● **DATA FOR REVIEW**
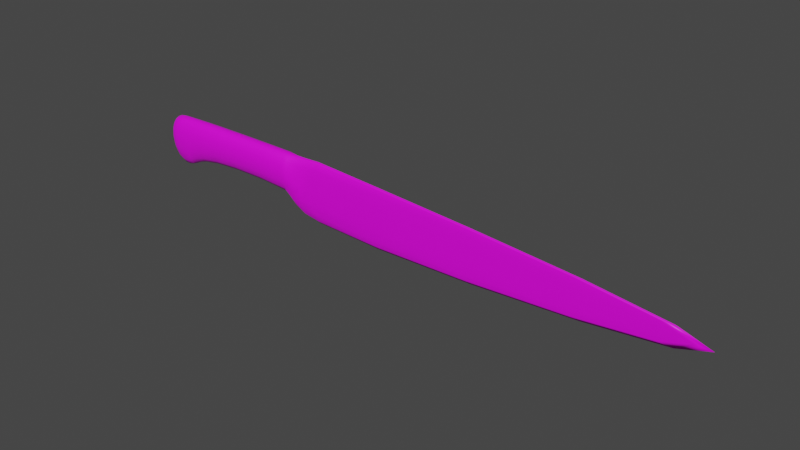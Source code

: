 # Source: knife.blend  (saved by Blender 2.93.20; exported with 4.5.12 LTS)
import bpy
from mathutils import Matrix  # noqa: F401  (used for matrix-valued properties, if any)

bpy.ops.wm.read_factory_settings(use_empty=True)
scene = bpy.context.scene
scene.name = 'Scene'

# ---- collections
col_collection = bpy.data.collections.new('Collection'); scene.collection.children.link(col_collection)

# ---- images (referenced by path relative to the original .blend; pixels are not part of the script)
import os
ASSET_DIR = os.environ.get("B2B_ASSET_DIR", "")  # directory of the original .blend (textures are referenced by path, not embedded)
HERE = os.path.dirname(os.path.abspath(__file__))  # packed textures are extracted next to this script under _unpacked/

def load_image(name, relpath, width, height, colorspace="sRGB"):
    """Load a texture the original file referenced (path relative to the .blend, or extracted next to this script)."""
    p = next((c for c in (os.path.join(HERE, relpath), os.path.join(ASSET_DIR, relpath)) if relpath and os.path.exists(c)), "")
    if p:
        img = bpy.data.images.load(p, check_existing=True)
        img.name = name
    else:  # same state as the original file: an image datablock whose file is absent (Cycles renders it pink)
        img = bpy.data.images.new(name, width, height)
        img.source = "FILE"
        img.filepath = "//" + (relpath or name)
    img.colorspace_settings.name = colorspace
    return img
img_knifebody_png = load_image('knifeBody.png', 'knifeBody.png', 1024, 1024, 'sRGB')
img_knifeblade_png = load_image('knifeBlade.png', 'knifeBlade.png', 1024, 1024, 'sRGB')

# ---- materials (node trees are filled in below, after node groups)
mat_material_001 = bpy.data.materials.new('Material.001')
mat_material_001.use_transparent_shadow = False
mat_material_002 = bpy.data.materials.new('Material.002')
mat_material_002.use_transparent_shadow = False

# ---- material node trees
mat_material_001.use_nodes = True; mat_material_001.node_tree.nodes.clear()
_N = mat_material_001.node_tree.nodes; _L = mat_material_001.node_tree.links
n0 = _N.new('ShaderNodeBsdfPrincipled'); n0.name = 'Principled BSDF'; n0.location = (10, 300)
n0.distribution = 'GGX'
n0.subsurface_method = 'BURLEY'
n0.inputs[3].default_value = 1.45
n0.inputs[27].default_value = (0.0, 0.0, 0.0, 1.0)
n0.inputs[28].default_value = 1.0
n1 = _N.new('ShaderNodeOutputMaterial'); n1.name = 'Material Output'; n1.location = (300, 300)
n2 = _N.new('ShaderNodeTexImage'); n2.name = 'Image Texture'; n2.location = (-280, 280)
n2.image = img_knifebody_png
_L.new(n0.outputs[0], n1.inputs[0])
_L.new(n2.outputs[0], n0.inputs[0])
n1.is_active_output = True
mat_material_002.use_nodes = True; mat_material_002.node_tree.nodes.clear()
_N = mat_material_002.node_tree.nodes; _L = mat_material_002.node_tree.links
n0 = _N.new('ShaderNodeBsdfPrincipled'); n0.name = 'Principled BSDF'; n0.location = (10, 300)
n0.distribution = 'GGX'
n0.subsurface_method = 'BURLEY'
n0.inputs[3].default_value = 1.45
n0.inputs[27].default_value = (0.0, 0.0, 0.0, 1.0)
n0.inputs[28].default_value = 1.0
n1 = _N.new('ShaderNodeOutputMaterial'); n1.name = 'Material Output'; n1.location = (300, 300)
n2 = _N.new('ShaderNodeTexImage'); n2.name = 'Image Texture'; n2.location = (-280, 280)
n2.image = img_knifeblade_png
_L.new(n0.outputs[0], n1.inputs[0])
_L.new(n2.outputs[0], n0.inputs[0])
n1.is_active_output = True

# ---- world
world_world = bpy.data.worlds.new('World'); scene.world = world_world
world_world.use_nodes = True; world_world.node_tree.nodes.clear()
_N = world_world.node_tree.nodes; _L = world_world.node_tree.links
n0 = _N.new('ShaderNodeOutputWorld'); n0.name = 'World Output'; n0.location = (300, 300)
n1 = _N.new('ShaderNodeBackground'); n1.name = 'Background'; n1.location = (10, 300)
n1.inputs[0].default_value = (0.05088, 0.05088, 0.05088, 1.0)
_L.new(n1.outputs[0], n0.inputs[0])
n0.is_active_output = True
world_world.color = (0.05088, 0.05088, 0.05088)
world_world.use_sun_shadow = False
world_world.sun_shadow_jitter_overblur = 0.0

# ---- meshes
me_cube_001 = bpy.data.meshes.new('Cube.001')
me_cube_001.from_pydata([(-1.659, -0.5, -0.469), (-1.659, -0.5, 0.655), (-1.659, 0.5, -0.469), (-1.659, 0.5, 0.655), (0.4254, -0.1505, -0.3887), (0.4254, -0.1505, 1.557), (0.4254, 0.1505, -0.3887), (0.4254, 0.1505, 1.557), (-1.517, 0.6667, -0.5932), (-1.517, 0.6667, 1.034), (-1.517, -0.6667, -0.5932), (-1.517, -0.6667, 1.034), (-1.161, 0.6667, 0.5594), (-1.161, -0.6667, -0.6881), (-1.161, 0.6667, -0.6881), (-1.161, -0.6667, 0.5594), (-0.3584, 0.5634, 0.7821), (-0.3584, -0.5634, -0.6436), (-0.3584, 0.5634, -0.6436), (-0.3584, -0.5634, 0.7821), (2.708, 0.03548, 0.7654), (2.708, -0.03548, 0.7654), (-1.667, 0.2966, -0.5565), (-1.671, 9.313e-10, -0.5998), (-1.667, -0.2966, -0.5565), (-1.667, -0.5729, -0.2524), (-1.671, -0.6096, 0.07263), (-1.667, -0.5729, 0.4113), (-1.667, -0.2966, 0.7154), (-1.671, -6.519e-09, 0.7451), (-1.667, 0.2966, 0.7154), (-1.667, 0.5729, 0.4113), (-1.671, 0.6096, 0.07263), (-1.667, 0.5729, -0.2524), (-1.561, 0.6631, -0.591), (-1.603, 0.6381, -0.5788), (-1.638, 0.5765, -0.5339), (-0.3073, 0.4699, 1.046), (-0.2272, 0.357, 1.294), (-0.1089, 0.2441, 1.415), (0.3437, 0.1929, 1.116), (0.2996, 0.207, 0.5839), (0.3437, 0.1929, 0.05197), (0.4821, -0.08232, -0.6622), (0.501, -1.746e-09, -0.7533), (0.4821, 0.08232, -0.6622), (0.4821, 0.08232, 1.831), (0.501, -1.048e-09, 1.922), (0.4821, -0.08232, 1.831), (0.3437, -0.1929, 1.116), (0.2996, -0.207, 0.5839), (0.3437, -0.1929, 0.05197), (-0.3073, -0.4699, -0.595), (-0.2272, -0.357, -0.5608), (-0.1089, -0.2441, -0.5691), (-1.561, -0.6631, 1.024), (-1.603, -0.6381, 0.9365), (-1.638, -0.5765, 0.7938), (-1.318, 0.6667, -0.6636), (-1.415, 0.6667, -0.6344), (-1.474, 0.6667, -0.6083), (-1.638, 0.5765, 0.7938), (-1.603, 0.6381, 0.9365), (-1.561, 0.6631, 1.024), (-1.638, -0.5765, -0.5339), (-1.603, -0.6381, -0.5788), (-1.561, -0.6631, -0.591), (-1.318, -0.6667, 0.6819), (-1.415, -0.6667, 0.8282), (-1.474, -0.6667, 0.9587), (-1.517, 0.3646, 1.263), (-1.517, 0.0, 1.339), (-1.517, -0.3646, 1.263), (-1.517, 0.3646, -0.822), (-1.517, 0.0, -0.8983), (-1.517, -0.3646, -0.822), (-1.517, -0.8542, 0.6654), (-1.517, -0.9167, 0.2204), (-1.517, -0.8542, -0.2245), (-1.517, 0.8542, 0.6654), (-1.517, 0.9167, 0.2204), (-1.517, 0.8542, -0.2245), (-1.474, 0.6667, 0.9587), (-1.415, 0.6667, 0.8282), (-1.318, 0.6667, 0.6819), (-1.474, -0.6667, -0.6083), (-1.415, -0.6667, -0.6344), (-1.318, -0.6667, -0.6636), (-0.3948, 0.6231, -0.6806), (-0.6658, 0.6538, -0.6991), (-0.9344, 0.6651, -0.7009), (-0.3948, -0.6231, 0.5968), (-0.6658, -0.6538, 0.5045), (-0.9344, -0.6651, 0.4954), (-1.161, -0.8542, 0.2768), (-1.161, -0.9167, -0.06434), (-1.161, -0.8542, -0.4055), (-1.161, 0.3646, 0.7349), (-1.161, 0.0, 0.7934), (-1.161, -0.3646, 0.7349), (-1.161, 0.3646, -0.8635), (-1.161, 0.0, -0.922), (-1.161, -0.3646, -0.8635), (-1.161, 0.8542, 0.2768), (-1.161, 0.9167, -0.06434), (-1.161, 0.8542, -0.4055), (-0.9344, 0.6651, 0.4954), (-0.6658, 0.6538, 0.5045), (-0.3948, 0.6231, 0.5968), (-0.9344, -0.6651, -0.7009), (-0.6658, -0.6538, -0.6991), (-0.3948, -0.6231, -0.6806), (-0.1089, 0.2441, -0.5691), (-0.2272, 0.357, -0.5608), (-0.3073, 0.4699, -0.595), (-0.1089, -0.2441, 1.415), (-0.2272, -0.357, 1.294), (-0.3073, -0.4699, 1.046), (-0.3584, 0.3081, 0.9826), (-0.3584, 1.211e-08, 1.049), (-0.3584, -0.3081, 0.9826), (-0.3584, -0.7219, 0.4591), (-0.3584, -0.7747, 0.06925), (-0.3584, -0.7219, -0.3206), (-0.3584, 0.3081, -0.8441), (-0.3584, 1.863e-09, -0.9109), (-0.3584, -0.3081, -0.8441), (-0.3584, 0.7219, 0.4591), (-0.3584, 0.7747, 0.06925), (-0.3584, 0.7219, -0.3206), (2.963, 0.02105, 0.7659), (3.097, 4.441e-16, 0.7662), (2.963, -0.02105, 0.7659), (1.174, -0.09061, 1.525), (1.931, -0.05819, 1.333), (2.467, -0.04253, 1.032), (2.467, 0.04253, 1.032), (1.931, 0.05819, 1.333), (1.174, 0.09061, 1.525), (2.467, 0.04253, 0.4918), (1.931, 0.05819, 0.1498), (1.174, 0.09061, -0.1495), (1.174, -0.09061, -0.1495), (1.931, -0.05819, 0.1498), (2.467, -0.04253, 0.4918), (-1.683, -0.3162, -0.2946), (-1.688, -0.3331, 0.04058), (-1.683, -0.3162, 0.3955), (-1.688, 1.024e-08, -0.3198), (-1.694, -1.211e-08, 0.02985), (-1.688, -5.588e-09, 0.401), (-1.683, 0.3162, -0.2946), (-1.688, 0.3331, 0.04058), (-1.683, 0.3162, 0.3955), (-0.3083, 0.602, -0.2232), (-0.3088, 0.6461, 0.2255), (-0.3083, 0.602, 0.6742), (-0.2359, 0.4574, -0.1405), (-0.2406, 0.4909, 0.3667), (-0.2359, 0.4574, 0.874), (-0.1434, 0.3127, -0.1196), (-0.1619, 0.3356, 0.423), (-0.1434, 0.3127, 0.9657), (1.284, 0.04955, 1.764), (1.321, -3.492e-10, 1.843), (1.284, -0.04955, 1.764), (2.114, 0.03181, 1.524), (2.183, 9.313e-10, 1.584), (2.114, -0.03181, 1.524), (2.727, 0.02346, 1.17), (2.839, 1.863e-09, 1.205), (2.727, -0.02346, 1.17), (-1.561, -0.8496, -0.2252), (-1.561, -0.9118, 0.2163), (-1.561, -0.8496, 0.658), (-1.603, -0.818, -0.2368), (-1.604, -0.8781, 0.1768), (-1.603, -0.818, 0.5925), (-1.64, -0.7335, -0.241), (-1.642, -0.7867, 0.1229), (-1.64, -0.7335, 0.4934), (-0.3067, 0.257, -0.8257), (-0.2211, 0.1952, -0.8217), (-0.08496, 0.1335, -0.8481), (-0.3064, -1.397e-09, -0.9027), (-0.2191, -1.63e-09, -0.9086), (-0.077, -4.657e-09, -0.9411), (-0.3067, -0.257, -0.8257), (-0.2211, -0.1952, -0.8217), (-0.08496, -0.1335, -0.8481), (-1.561, 0.3626, 1.251), (-1.603, 0.3489, 1.147), (-1.64, 0.3181, 0.9661), (-1.561, -9.313e-10, 1.326), (-1.604, -2.794e-09, 1.217), (-1.642, -1.863e-09, 1.021), (-1.561, -0.3626, 1.251), (-1.603, -0.3489, 1.147), (-1.64, -0.3181, 0.9661), (-1.318, 0.3646, 0.8711), (-1.415, 0.3646, 1.034), (-1.474, 0.3646, 1.179), (-1.318, 0.0, 0.9342), (-1.415, 0.0, 1.102), (-1.474, 0.0, 1.253), (-1.318, -0.3646, 0.8711), (-1.415, -0.3646, 1.034), (-1.474, -0.3646, 1.179), (-1.64, 0.3181, -0.7138), (-1.603, 0.3489, -0.7918), (-1.561, 0.3626, -0.818), (-1.642, -1.863e-08, -0.7752), (-1.604, 3.725e-09, -0.863), (-1.561, 0.0, -0.8938), (-1.64, -0.3181, -0.7138), (-1.603, -0.3489, -0.7918), (-1.561, -0.3626, -0.818), (-1.318, -0.8542, -0.3588), (-1.318, -0.9167, 0.00914), (-1.318, -0.8542, 0.3771), (-1.415, -0.8542, -0.303), (-1.415, -0.9167, 0.0969), (-1.415, -0.8542, 0.4968), (-1.474, -0.8542, -0.2532), (-1.474, -0.9167, 0.1752), (-1.474, -0.8542, 0.6037), (-1.64, 0.7335, -0.241), (-1.642, 0.7867, 0.1229), (-1.64, 0.7335, 0.4934), (-1.603, 0.818, -0.2368), (-1.604, 0.8781, 0.1768), (-1.603, 0.818, 0.5925), (-1.561, 0.8496, -0.2252), (-1.561, 0.9118, 0.2163), (-1.561, 0.8496, 0.658), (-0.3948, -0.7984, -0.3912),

● **TASK TO COMPLETE**
Print the data above exactly, from its first line to the line bearing "path, not embedded)" inclusive, and keep pictures out of the result.

● **YOUR RESPONSE**
Source code

: # Source: knife.blend  (saved by Blender 2.93.20; exported with 4.5.12 LTS)
import bpy
from mathutils import Matrix  # noqa: F401  (used for matrix-valued properties, if any)

bpy.ops.wm.read_factory_settings(use_empty=True)
scene = bpy.context.scene
scene.name = 'Scene'

# ---- collections
col_collection = bpy.data.collections.new('Collection'); scene.collection.children.link(col_collection)

# ---- images (referenced by path relative to the original .blend; pixels are not part of the script)
import os
ASSET_DIR = os.environ.get("B2B_ASSET_DIR", "")  # directory of the original .blend (textures are referenced by path, not embedded)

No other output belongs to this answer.